The example server is configured with a request handler that uses the SpellCheckComponent. If you haven't already, start the example server and index the example data as shown in the solr tutorial.

Now send a spellcheck request. Note the spellcheck.build=true which is needed only once to build the spellcheck index from the main Solr index. It takes time and should not be specified with each request.
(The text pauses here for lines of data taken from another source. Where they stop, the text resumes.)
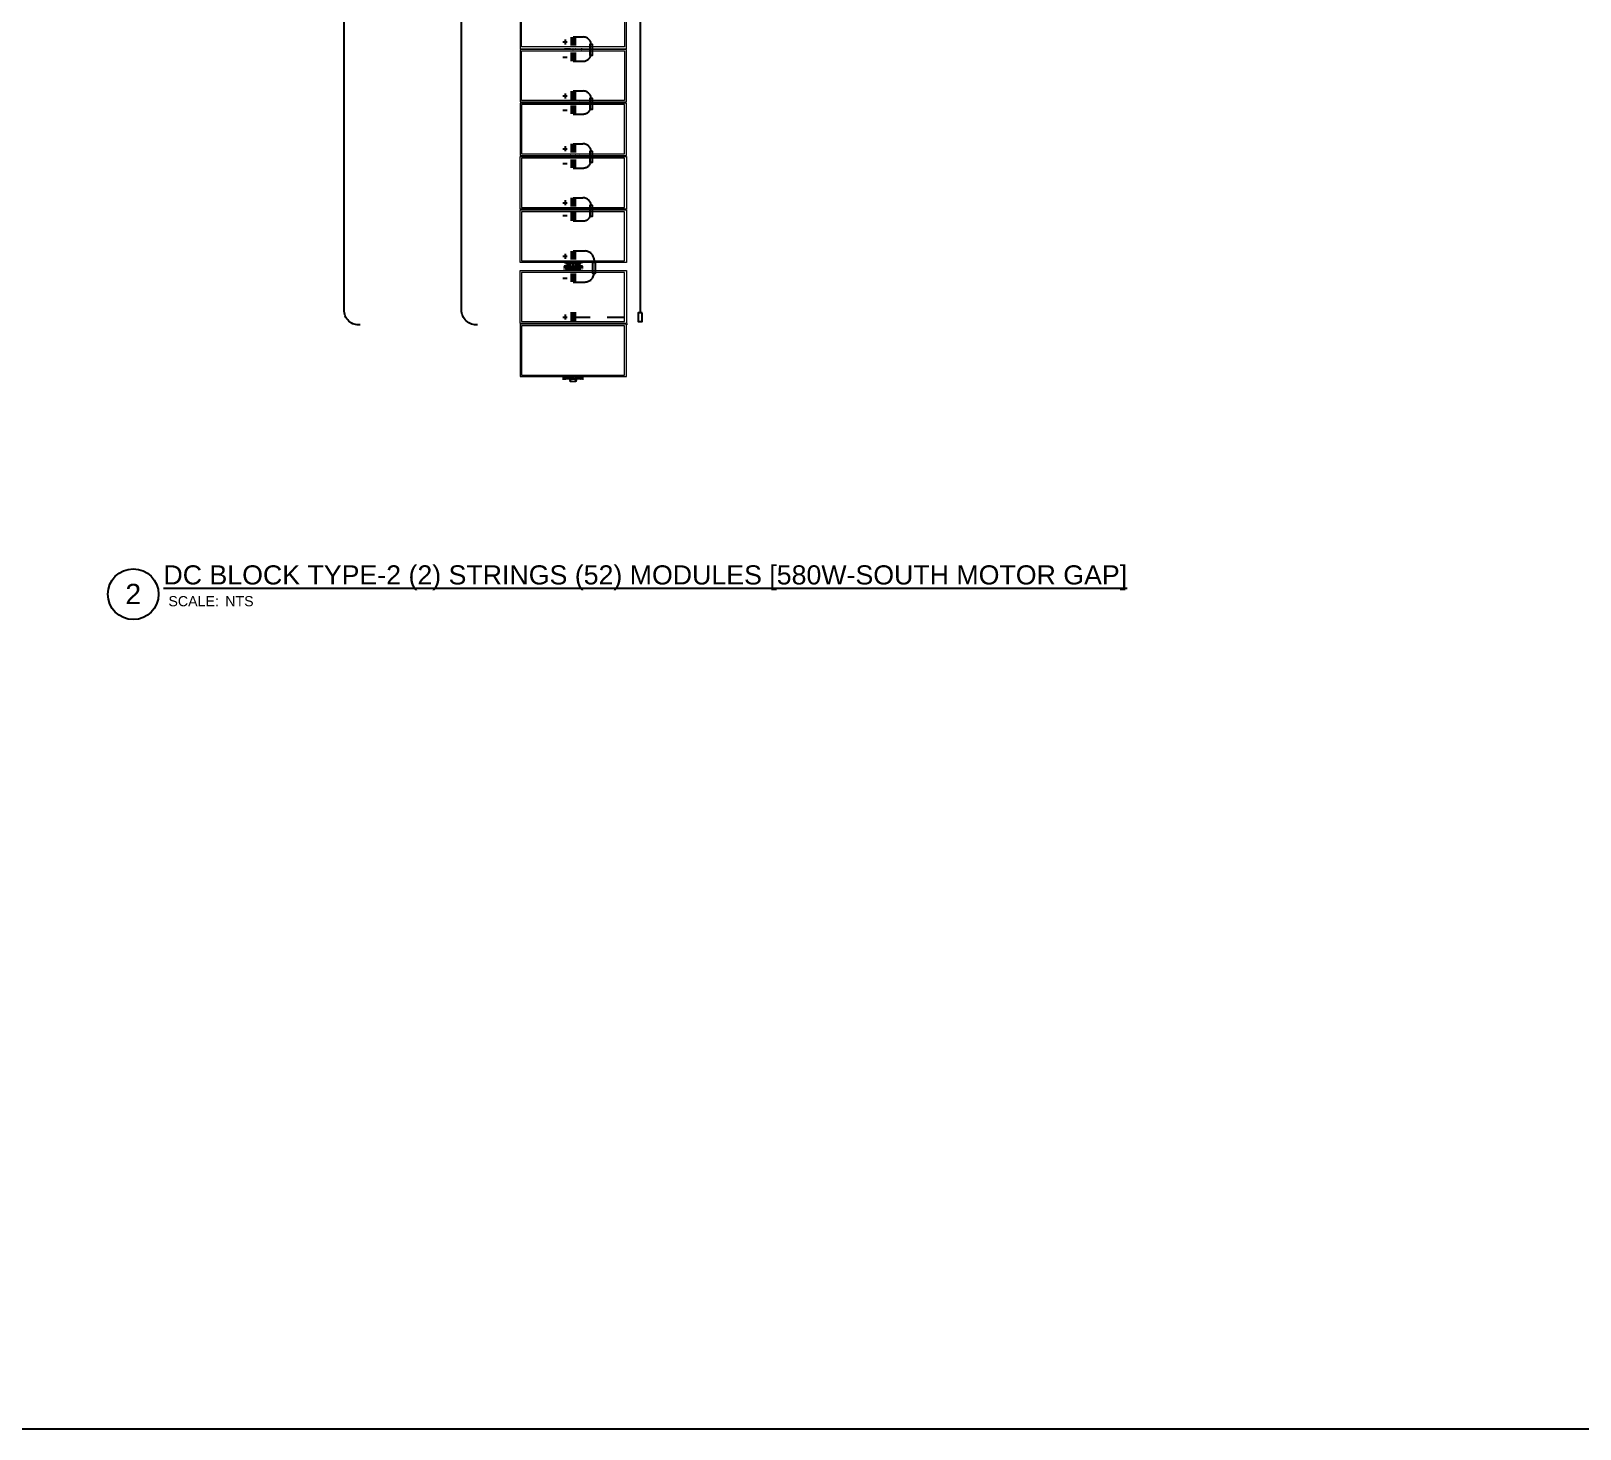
# Model space of a CAD drawing. Header units: feet. Extents: x -5.1 to 70.3, y -33 to 8.
# Drawn here: x 30.05 to 39.21, y -32.97 to -24.7 of the extents above; entities that cross this region are included whole.
import ezdxf
from ezdxf.enums import TextEntityAlignment as Align
from ezdxf.lldxf.tags import DXFTag

# ---------------------------------------------------------------- set-up
doc = ezdxf.new("R2010")
doc.units = ezdxf.units.FT
doc.header["$MEASUREMENT"] = 0
doc.linetypes.add('HIDDEN', pattern=[0.375, 0.25, -0.125])
for name, color, linetype in [('E-DC HARNESS-POS', 10, 'DC HARNESS CABLE'), ('E-HARN-COMP', 8, 'Continuous'), ('E-TRNK-CABL-NEG', 170, 'HIDDEN'), ('E-TRUNK-CABLE-POS', 10, 'HIDDEN'), ('G-ANNO-TEXT', 1, 'Continuous'), ('G-ANNO-TEXT @ 2', 1, 'Continuous'), ('Polarity-Text', 7, 'Continuous')]:
    doc.layers.add(name, color=color, linetype=linetype)
doc.styles.add('NEI-A', font='arial.ttf')
tags = doc.linetypes.add('DC HARNESS CABLE', pattern='A,0.5,-0.2,["DH",Standard,S=0.1,R=0,X=-0.1,Y=-0.05],-0.2', length=0.9).pattern_tags.tags
tags[6] = DXFTag(74, 10)

# ---------------------------------------------------------------- blocks, each defined once
blk = doc.blocks.new('A$Cc93f9aa1')
at = {"lineweight": 5}
for points in [[(11.8429, 0.4666), (11.6112, 0.4666), (11.6112, 0), (11.8429, 0)], [(11.6195, 0.4583), (11.8345, 0.4583), (11.8345, 0.0067), (11.6195, 0.0067)], [(11.8462, 0), (12.0762, 0), (12.0762, 0.4666), (11.8462, 0.4666)], [(11.8529, 0.0067), (11.8529, 0.4583), (12.0695, 0.4583), (12.0695, 0.0067)], [(12.0812, 0), (12.3112, 0), (12.3112, 0.4666), (12.0812, 0.4666)], [(12.3045, 0.0067), (12.3045, 0.4583), (12.0878, 0.4583), (12.0878, 0.0067)], [(12.5462, 0), (12.3162, 0), (12.3162, 0.4666), (12.5462, 0.4666)], [(12.5395, 0.0067), (12.5395, 0.4583), (12.3228, 0.4583), (12.3228, 0.0067)], [(12.7811, 0.4666), (12.7811, 0), (12.5495, 0), (12.5495, 0.4666)], [(12.7728, 0.4583), (12.5578, 0.4583), (12.5578, 0.0067), (12.7728, 0.0067)], [(12.8161, 0.4666), (13.0478, 0.4666), (13.0478, 0), (12.8161, 0)], [(12.8245, 0.4583), (12.8245, 0.0067), (13.0395, 0.0067), (13.0395, 0.4583)], [(13.2811, 0.4666), (13.0511, 0.4666), (13.0511, 0), (13.2811, 0)], [(13.0578, 0.4583), (13.0578, 0.0067), (13.2745, 0.0067), (13.2745, 0.4583)], [(11.8445, 0.235), (11.8445, 0.2333), (11.8429, 0.2333), (11.8429, 0.2317), (11.8445, 0.2317), (11.8462, 0.2317), (11.8462, 0.2333)], [(12.0795, 0.235), (12.0778, 0.2333), (12.0778, 0.2317), (12.0812, 0.2317), (12.0812, 0.2333), (12.0795, 0.2333)], [(12.3145, 0.235), (12.3128, 0.235), (12.3128, 0.2317), (12.3162, 0.2317), (12.3162, 0.2333), (12.3145, 0.2333)], [(12.5478, 0.235), (12.5478, 0.2333), (12.5462, 0.2333), (12.5462, 0.2317), (12.5478, 0.2317), (12.5495, 0.2317), (12.5495, 0.2333), (12.5495, 0.235)], [(12.7828, 0.245), (12.7811, 0.245)], [(12.7828, 0.235), (12.7811, 0.235)], [(12.7828, 0.23), (12.7811, 0.23)], [(12.7828, 0.22), (12.7811, 0.22)], [(12.7845, 0.2483), (12.7861, 0.2483), (12.7861, 0.245), (12.7845, 0.245), (12.7828, 0.2467), (12.7828, 0.2483)], [(12.7845, 0.2483), (12.7828, 0.2467), (12.7845, 0.245), (12.7861, 0.2467)], [(12.7861, 0.2167), (12.7861, 0.2183), (12.7861, 0.22), (12.7845, 0.22), (12.7828, 0.22), (12.7828, 0.2183), (12.7828, 0.2167), (12.7845, 0.2167)], [(12.7845, 0.22), (12.7828, 0.2183), (12.7845, 0.2167), (12.7861, 0.2183)], [(12.7861, 0.2467), (12.7845, 0.2467)], [(12.7861, 0.2183), (12.7845, 0.2183)], [(12.7861, 0.2183), (12.7845, 0.2183)], [(12.7945, 0.2483), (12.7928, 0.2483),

http://localhost:8983/solr/spell?q=delll ultrashar&spellcheck=true&spellcheck.collate=true&spellcheck.build=true

The response contains words not found in the index, along with alternatives. The spellcheck.collate=true causes a modified version of the original query to be returned with the most likely alternatives.

<lst name="spellcheck">
  <lst name="suggestions">
    <lst name="delll">
      <int name="numFound">1</int>
      <int name="startOffset">0</int>
      <int name="endOffset">5</int>
      <arr name="suggestion">
        <str>dell</str>
      </arr>
    </lst>
    <lst name="ultrashar">
      <int name="numFound">1</int>
      <int name="startOffset">6</int>
      <int name="endOffset">15</int>
      <arr name="suggestion">
        <str>ultrasharp</str>
      </arr>
    </lst>
    <str name="collation">dell ultrasharp</str>
  </lst>
</lst>

Configuration

The first step to configure the SpellCheckComponent is to specify the source of words which should be used for suggestions in solrconfig.xml. The words can be loaded from a field in Solr, text files or even from fields in arbitary Lucene indices. A sample configuration for loading words from a field in Solr looks like the following:

<searchComponent name="spellcheck" class="solr.SpellCheckComponent">

  <lst name="spellchecker">
    <!--
        Optional, it is required when more than one spellchecker is configured.
        Select non-default name with spellcheck.dictionary in request handler.
    -->
    <str name="name">default</str>
    <!-- The classname is optional, defaults to IndexBasedSpellChecker -->
    <str name="classname">solr.IndexBasedSpellChecker</str>
    <!--
        Load tokens from the following field for spell checking,
        analyzer for the field's type as defined in schema.xml are used
    -->
    <str name="field">spell</str>
    <!-- Optional, by default use in-memory index (RAMDirectory) -->
    <str name="spellcheckIndexDir">./spellchecker</str>
    <!-- Set the accuracy (float) to be used for the suggestions. Default is 0.5 -->
    <str name="accuracy">0.7</str>
    <!-- Require terms to occur in 1/100th of 1% of documents in order to be included in the dictionary -->
    <float name="thresholdTokenFrequency">.0001</float>
  </lst>
  <!-- a spellchecker that can break or combine words. (Solr 4.0 see SOLR-2993) -->
  <lst name="spellchecker">
    <str name="name">wordbreak</str>
    <str name="classname">solr.WordBreakSolrSpellChecker</str>
    <str name="field">spell</str>
    <str name="combineWords">true</str>
    <str name="breakWords">true</str>
    <int name="maxChanges">3</int>
  </lst>
  <!-- Example of using different distance measure -->
  <lst name="spellchecker">
    <str name="name">jarowinkler</str>
    <str name="field">lowerfilt</str>
    <!-- Use a different Distance Measure -->
    <str name="distanceMeasure">org.apache.lucene.search.spell.JaroWinklerDistance</str>
    <str name="spellcheckIndexDir">./spellchecker</str>
  </lst>

  <!-- This field type's analyzer is used by the QueryConverter to tokenize the value for "q" parameter -->
  <str name="queryAnalyzerFieldType">textSpell</str>
</searchComponent>
<!--
    The SpellingQueryConverter to convert raw (CommonParams.Q) queries into tokens.  Uses a simple regular expression
    to strip off field markup, boosts, ranges, etc. but it is not guaranteed to match an exact parse from the query parser.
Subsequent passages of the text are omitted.